_Work instructions_
Could you give the data below again exactly, apart from the pictures?

_Source material_

──────────

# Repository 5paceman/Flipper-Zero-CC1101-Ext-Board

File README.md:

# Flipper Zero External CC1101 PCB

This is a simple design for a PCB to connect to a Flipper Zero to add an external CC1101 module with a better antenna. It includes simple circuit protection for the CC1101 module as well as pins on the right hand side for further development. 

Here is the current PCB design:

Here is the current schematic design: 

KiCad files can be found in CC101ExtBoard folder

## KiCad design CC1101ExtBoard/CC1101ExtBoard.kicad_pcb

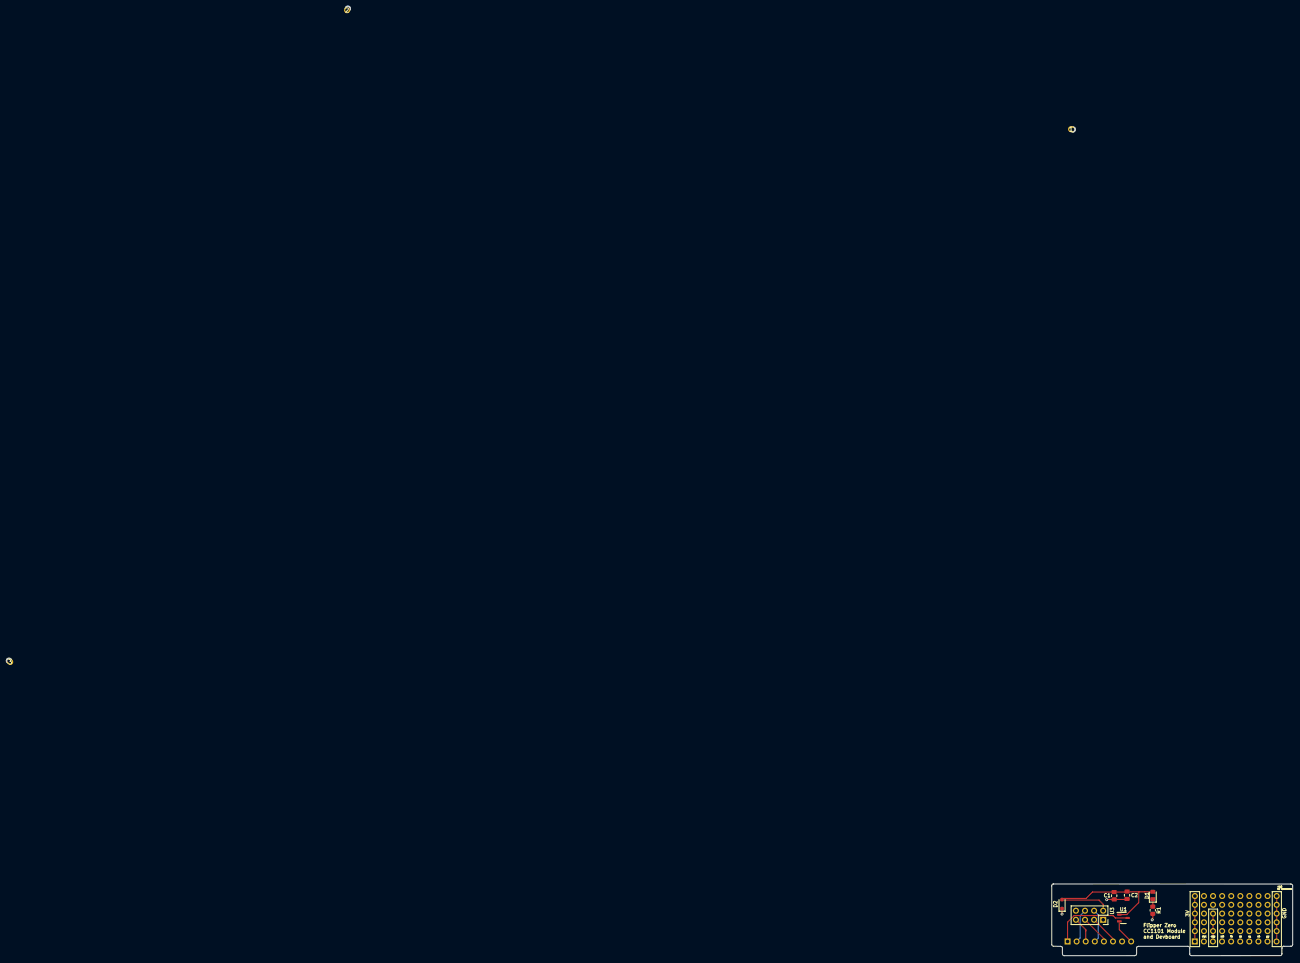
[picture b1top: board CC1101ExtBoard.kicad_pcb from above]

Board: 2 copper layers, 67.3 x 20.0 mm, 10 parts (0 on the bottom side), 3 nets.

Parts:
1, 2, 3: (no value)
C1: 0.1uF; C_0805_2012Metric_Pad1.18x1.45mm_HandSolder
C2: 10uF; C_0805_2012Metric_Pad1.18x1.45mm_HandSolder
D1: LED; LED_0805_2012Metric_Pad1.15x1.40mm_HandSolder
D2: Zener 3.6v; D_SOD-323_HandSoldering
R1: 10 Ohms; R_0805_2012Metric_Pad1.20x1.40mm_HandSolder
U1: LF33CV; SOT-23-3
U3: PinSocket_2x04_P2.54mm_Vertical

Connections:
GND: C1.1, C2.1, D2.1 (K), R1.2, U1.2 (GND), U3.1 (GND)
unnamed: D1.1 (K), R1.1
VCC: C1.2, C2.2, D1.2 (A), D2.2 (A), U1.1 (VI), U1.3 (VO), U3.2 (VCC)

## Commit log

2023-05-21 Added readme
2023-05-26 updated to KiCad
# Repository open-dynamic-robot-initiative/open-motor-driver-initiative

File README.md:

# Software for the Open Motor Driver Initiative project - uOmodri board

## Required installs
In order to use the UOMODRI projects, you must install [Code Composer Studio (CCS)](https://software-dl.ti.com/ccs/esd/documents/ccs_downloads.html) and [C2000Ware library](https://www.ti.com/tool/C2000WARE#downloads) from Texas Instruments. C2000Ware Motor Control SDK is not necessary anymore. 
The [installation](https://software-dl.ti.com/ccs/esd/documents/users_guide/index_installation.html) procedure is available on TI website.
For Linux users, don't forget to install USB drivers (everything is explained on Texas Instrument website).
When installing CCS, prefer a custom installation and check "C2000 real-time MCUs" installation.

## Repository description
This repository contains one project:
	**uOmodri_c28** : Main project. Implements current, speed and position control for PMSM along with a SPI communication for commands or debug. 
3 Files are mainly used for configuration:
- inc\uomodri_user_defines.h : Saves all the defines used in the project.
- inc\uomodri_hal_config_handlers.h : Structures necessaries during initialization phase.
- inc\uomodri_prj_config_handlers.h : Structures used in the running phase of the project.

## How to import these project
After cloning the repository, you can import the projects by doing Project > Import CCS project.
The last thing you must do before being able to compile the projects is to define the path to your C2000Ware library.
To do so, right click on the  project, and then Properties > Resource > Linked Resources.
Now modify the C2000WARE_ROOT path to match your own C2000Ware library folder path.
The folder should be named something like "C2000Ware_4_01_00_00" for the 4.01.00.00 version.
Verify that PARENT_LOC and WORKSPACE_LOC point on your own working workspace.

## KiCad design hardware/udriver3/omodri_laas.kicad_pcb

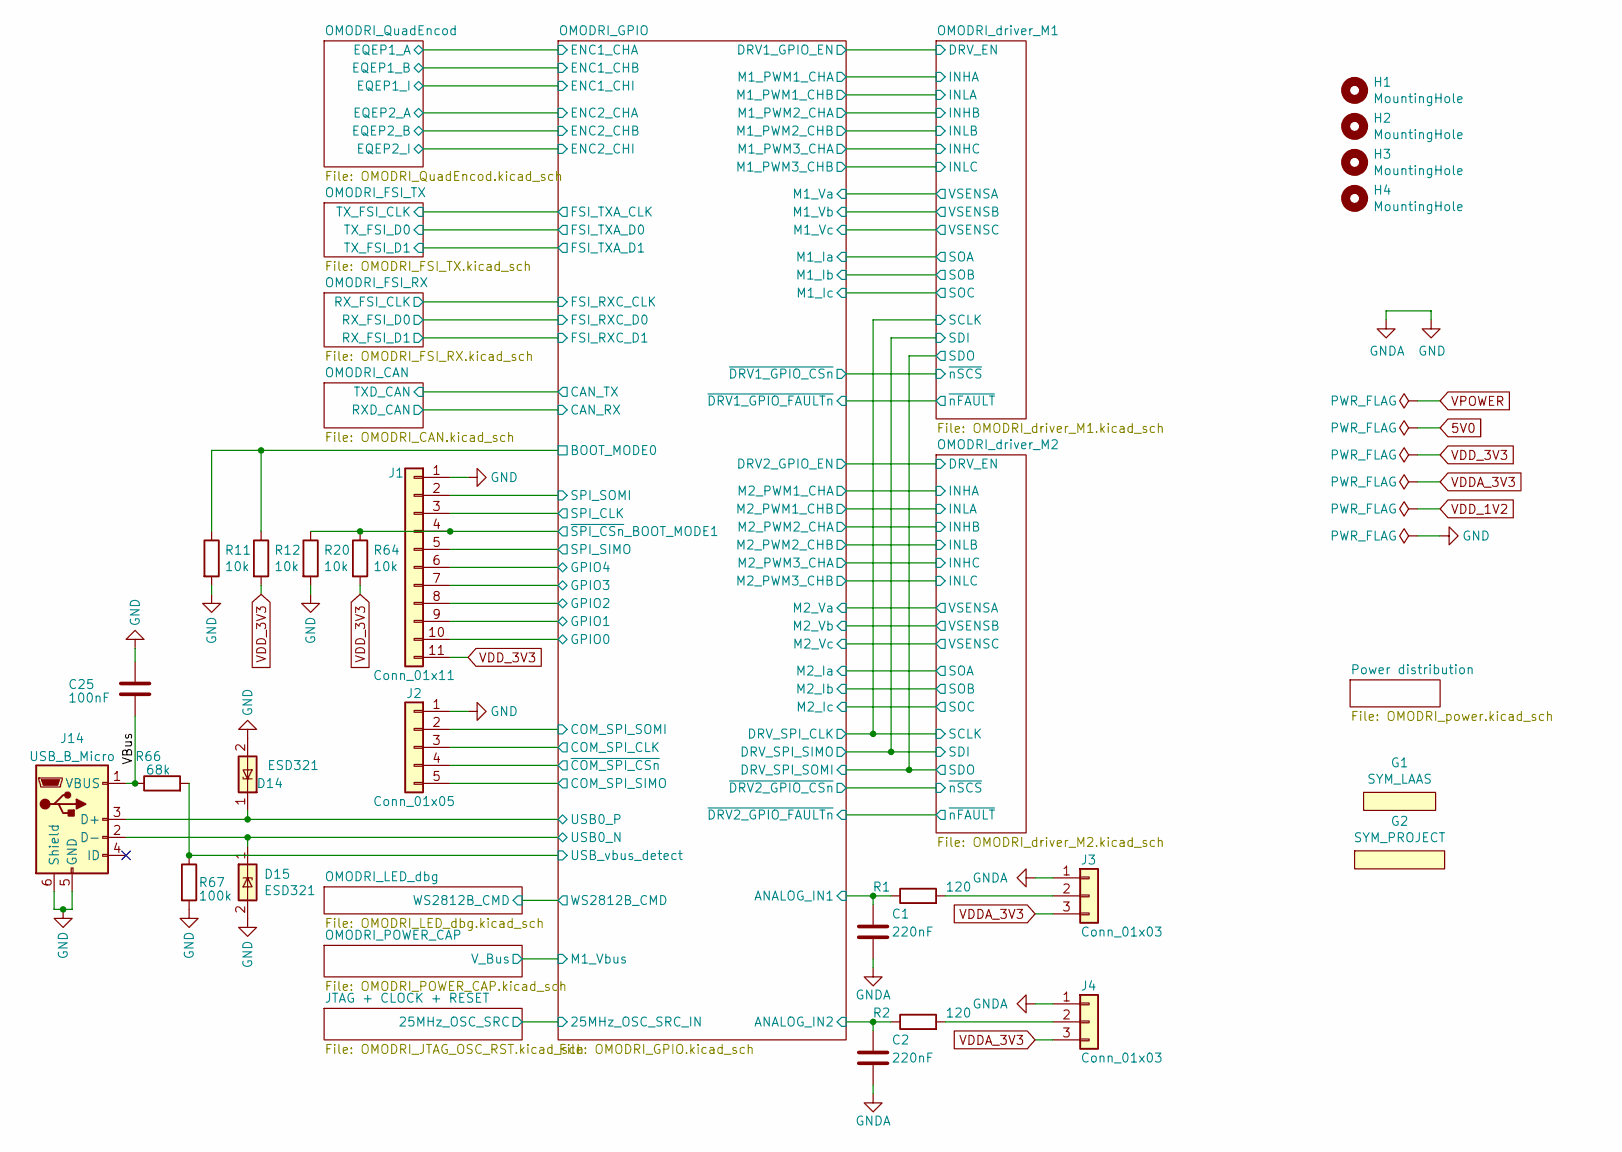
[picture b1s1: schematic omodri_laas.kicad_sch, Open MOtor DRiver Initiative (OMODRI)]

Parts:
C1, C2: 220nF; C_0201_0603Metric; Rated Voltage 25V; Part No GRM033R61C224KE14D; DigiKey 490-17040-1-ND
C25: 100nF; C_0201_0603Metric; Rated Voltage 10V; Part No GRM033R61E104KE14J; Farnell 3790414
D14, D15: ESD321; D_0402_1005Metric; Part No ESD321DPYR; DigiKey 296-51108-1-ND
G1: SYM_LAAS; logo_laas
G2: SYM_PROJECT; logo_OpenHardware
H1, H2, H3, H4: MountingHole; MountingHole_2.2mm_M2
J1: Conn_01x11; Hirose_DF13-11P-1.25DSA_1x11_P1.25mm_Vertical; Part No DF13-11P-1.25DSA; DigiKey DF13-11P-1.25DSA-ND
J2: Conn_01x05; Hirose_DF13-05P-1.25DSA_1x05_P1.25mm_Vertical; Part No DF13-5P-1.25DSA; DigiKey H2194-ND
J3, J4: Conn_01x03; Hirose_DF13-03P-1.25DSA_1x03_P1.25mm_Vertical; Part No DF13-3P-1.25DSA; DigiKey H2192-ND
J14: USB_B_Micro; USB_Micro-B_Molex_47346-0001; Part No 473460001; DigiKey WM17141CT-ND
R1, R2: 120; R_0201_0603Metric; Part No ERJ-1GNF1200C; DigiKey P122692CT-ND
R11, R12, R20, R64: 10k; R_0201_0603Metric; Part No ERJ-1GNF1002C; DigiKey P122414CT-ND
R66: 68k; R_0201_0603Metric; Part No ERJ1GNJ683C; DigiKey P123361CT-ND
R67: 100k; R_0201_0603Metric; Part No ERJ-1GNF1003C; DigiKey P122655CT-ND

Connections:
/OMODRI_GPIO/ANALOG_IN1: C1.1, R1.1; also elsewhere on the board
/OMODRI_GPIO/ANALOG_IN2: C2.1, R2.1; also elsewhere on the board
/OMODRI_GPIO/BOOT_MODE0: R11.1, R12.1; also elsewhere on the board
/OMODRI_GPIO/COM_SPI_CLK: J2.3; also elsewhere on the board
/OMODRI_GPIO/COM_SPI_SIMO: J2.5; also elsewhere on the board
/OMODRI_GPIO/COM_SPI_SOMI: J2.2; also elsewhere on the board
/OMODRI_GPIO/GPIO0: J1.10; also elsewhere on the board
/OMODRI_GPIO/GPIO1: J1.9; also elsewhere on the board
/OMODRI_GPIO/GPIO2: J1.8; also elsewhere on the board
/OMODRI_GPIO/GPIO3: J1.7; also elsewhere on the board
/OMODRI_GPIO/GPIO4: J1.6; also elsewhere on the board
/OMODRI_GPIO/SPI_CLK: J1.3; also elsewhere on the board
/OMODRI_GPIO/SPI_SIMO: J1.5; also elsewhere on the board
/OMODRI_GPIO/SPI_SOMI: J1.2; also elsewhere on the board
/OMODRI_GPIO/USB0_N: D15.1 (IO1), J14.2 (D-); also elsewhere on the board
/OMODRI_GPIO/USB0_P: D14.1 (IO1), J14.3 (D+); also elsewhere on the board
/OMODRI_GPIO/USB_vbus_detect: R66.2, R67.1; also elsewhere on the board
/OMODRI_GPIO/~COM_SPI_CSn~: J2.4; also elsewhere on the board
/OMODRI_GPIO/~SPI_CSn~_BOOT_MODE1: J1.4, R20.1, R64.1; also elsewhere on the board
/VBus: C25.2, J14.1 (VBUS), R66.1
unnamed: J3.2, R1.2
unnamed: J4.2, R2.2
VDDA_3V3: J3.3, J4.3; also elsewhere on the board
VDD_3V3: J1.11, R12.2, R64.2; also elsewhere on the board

──────────

_Output_
# Repository 5paceman/Flipper-Zero-CC1101-Ext-Board

File README.md:

# Flipper Zero External CC1101 PCB

This is a simple design for a PCB to connect to a Flipper Zero to add an external CC1101 module with a better antenna. It includes simple circuit protection for the CC1101 module as well as pins on the right hand side for further development. 

Here is the current PCB design:

Here is the current schematic design: 

KiCad files can be found in CC101ExtBoard folder

## KiCad design CC1101ExtBoard/CC1101ExtBoard.kicad_pcb

[picture b1top: board CC1101ExtBoard.kicad_pcb from above]

Board: 2 copper layers, 67.3 x 20.0 mm, 10 parts (0 on the bottom side), 3 nets.

Parts:
1, 2, 3: (no value)
C1: 0.1uF; C_0805_2012Metric_Pad1.18x1.45mm_HandSolder
C2: 10uF; C_0805_2012Metric_Pad1.18x1.45mm_HandSolder
D1: LED; LED_0805_2012Metric_Pad1.15x1.40mm_HandSolder
D2: Zener 3.6v; D_SOD-323_HandSoldering
R1: 10 Ohms; R_0805_2012Metric_Pad1.20x1.40mm_HandSolder
U1: LF33CV; SOT-23-3
U3: PinSocket_2x04_P2.54mm_Vertical

Connections:
GND: C1.1, C2.1, D2.1 (K), R1.2, U1.2 (GND), U3.1 (GND)
unnamed: D1.1 (K), R1.1
VCC: C1.2, C2.2, D1.2 (A), D2.2 (A), U1.1 (VI), U1.3 (VO), U3.2 (VCC)

## Commit log

2023-05-21 Added readme
2023-05-26 updated to KiCad
# Repository open-dynamic-robot-initiative/open-motor-driver-initiative

File README.md:

# Software for the Open Motor Driver Initiative project - uOmodri board

## Required installs
In order to use the UOMODRI projects, you must install [Code Composer Studio (CCS)](https://software-dl.ti.com/ccs/esd/documents/ccs_downloads.html) and [C2000Ware library](https://www.ti.com/tool/C2000WARE#downloads) from Texas Instruments. C2000Ware Motor Control SDK is not necessary anymore. 
The [installation](https://software-dl.ti.com/ccs/esd/documents/users_guide/index_installation.html) procedure is available on TI website.
For Linux users, don't forget to install USB drivers (everything is explained on Texas Instrument website).
When installing CCS, prefer a custom installation and check "C2000 real-time MCUs" installation.

## Repository description
This repository contains one project:
	**uOmodri_c28** : Main project. Implements current, speed and position control for PMSM along with a SPI communication for commands or debug. 
3 Files are mainly used for configuration:
- inc\uomodri_user_defines.h : Saves all the defines used in the project.
- inc\uomodri_hal_config_handlers.h : Structures necessaries during initialization phase.
- inc\uomodri_prj_config_handlers.h : Structures used in the running phase of the project.

## How to import these project
After cloning the repository, you can import the projects by doing Project > Import CCS project.
The last thing you must do before being able to compile the projects is to define the path to your C2000Ware library.
To do so, right click on the  project, and then Properties > Resource > Linked Resources.
Now modify the C2000WARE_ROOT path to match your own C2000Ware library folder path.
The folder should be named something like "C2000Ware_4_01_00_00" for the 4.01.00.00 version.
Verify that PARENT_LOC and WORKSPACE_LOC point on your own working workspace.

## KiCad design hardware/udriver3/omodri_laas.kicad_pcb

[picture b1s1: schematic omodri_laas.kicad_sch, Open MOtor DRiver Initiative (OMODRI)]

Parts:
C1, C2: 220nF; C_0201_0603Metric; Rated Voltage 25V; Part No GRM033R61C224KE14D; DigiKey 490-17040-1-ND
C25: 100nF; C_0201_0603Metric; Rated Voltage 10V; Part No GRM033R61E104KE14J; Farnell 3790414
D14, D15: ESD321; D_0402_1005Metric; Part No ESD321DPYR; DigiKey 296-51108-1-ND
G1: SYM_LAAS; logo_laas
G2: SYM_PROJECT; logo_OpenHardware
H1, H2, H3, H4: MountingHole; MountingHole_2.2mm_M2
J1: Conn_01x11; Hirose_DF13-11P-1.25DSA_1x11_P1.25mm_Vertical; Part No DF13-11P-1.25DSA; DigiKey DF13-11P-1.25DSA-ND
J2: Conn_01x05; Hirose_DF13-05P-1.25DSA_1x05_P1.25mm_Vertical; Part No DF13-5P-1.25DSA; DigiKey H2194-ND
J3, J4: Conn_01x03; Hirose_DF13-03P-1.25DSA_1x03_P1.25mm_Vertical; Part No DF13-3P-1.25DSA; DigiKey H2192-ND
J14: USB_B_Micro; USB_Micro-B_Molex_47346-0001; Part No 473460001; DigiKey WM17141CT-ND
R1, R2: 120; R_0201_0603Metric; Part No ERJ-1GNF1200C; DigiKey P122692CT-ND
R11, R12, R20, R64: 10k; R_0201_0603Metric; Part No ERJ-1GNF1002C; DigiKey P122414CT-ND
R66: 68k; R_0201_0603Metric; Part No ERJ1GNJ683C; DigiKey P123361CT-ND
R67: 100k; R_0201_0603Metric; Part No ERJ-1GNF1003C; DigiKey P122655CT-ND

Connections:
/OMODRI_GPIO/ANALOG_IN1: C1.1, R1.1; also elsewhere on the board
/OMODRI_GPIO/ANALOG_IN2: C2.1, R2.1; also elsewhere on the board
/OMODRI_GPIO/BOOT_MODE0: R11.1, R12.1; also elsewhere on the board
/OMODRI_GPIO/COM_SPI_CLK: J2.3; also elsewhere on the board
/OMODRI_GPIO/COM_SPI_SIMO: J2.5; also elsewhere on the board
/OMODRI_GPIO/COM_SPI_SOMI: J2.2; also elsewhere on the board
/OMODRI_GPIO/GPIO0: J1.10; also elsewhere on the board
/OMODRI_GPIO/GPIO1: J1.9; also elsewhere on the board
/OMODRI_GPIO/GPIO2: J1.8; also elsewhere on the board
/OMODRI_GPIO/GPIO3: J1.7; also elsewhere on the board
/OMODRI_GPIO/GPIO4: J1.6; also elsewhere on the board
/OMODRI_GPIO/SPI_CLK: J1.3; also elsewhere on the board
/OMODRI_GPIO/SPI_SIMO: J1.5; also elsewhere on the board
/OMODRI_GPIO/SPI_SOMI: J1.2; also elsewhere on the board
/OMODRI_GPIO/USB0_N: D15.1 (IO1), J14.2 (D-); also elsewhere on the board
/OMODRI_GPIO/USB0_P: D14.1 (IO1), J14.3 (D+); also elsewhere on the board
/OMODRI_GPIO/USB_vbus_detect: R66.2, R67.1; also elsewhere on the board
/OMODRI_GPIO/~COM_SPI_CSn~: J2.4; also elsewhere on the board
/OMODRI_GPIO/~SPI_CSn~_BOOT_MODE1: J1.4, R20.1, R64.1; also elsewhere on the board
/VBus: C25.2, J14.1 (VBUS), R66.1
unnamed: J3.2, R1.2
unnamed: J4.2, R2.2
VDDA_3V3: J3.3, J4.3; also elsewhere on the board
VDD_3V3: J1.11, R12.2, R64.2; also elsewhere on the board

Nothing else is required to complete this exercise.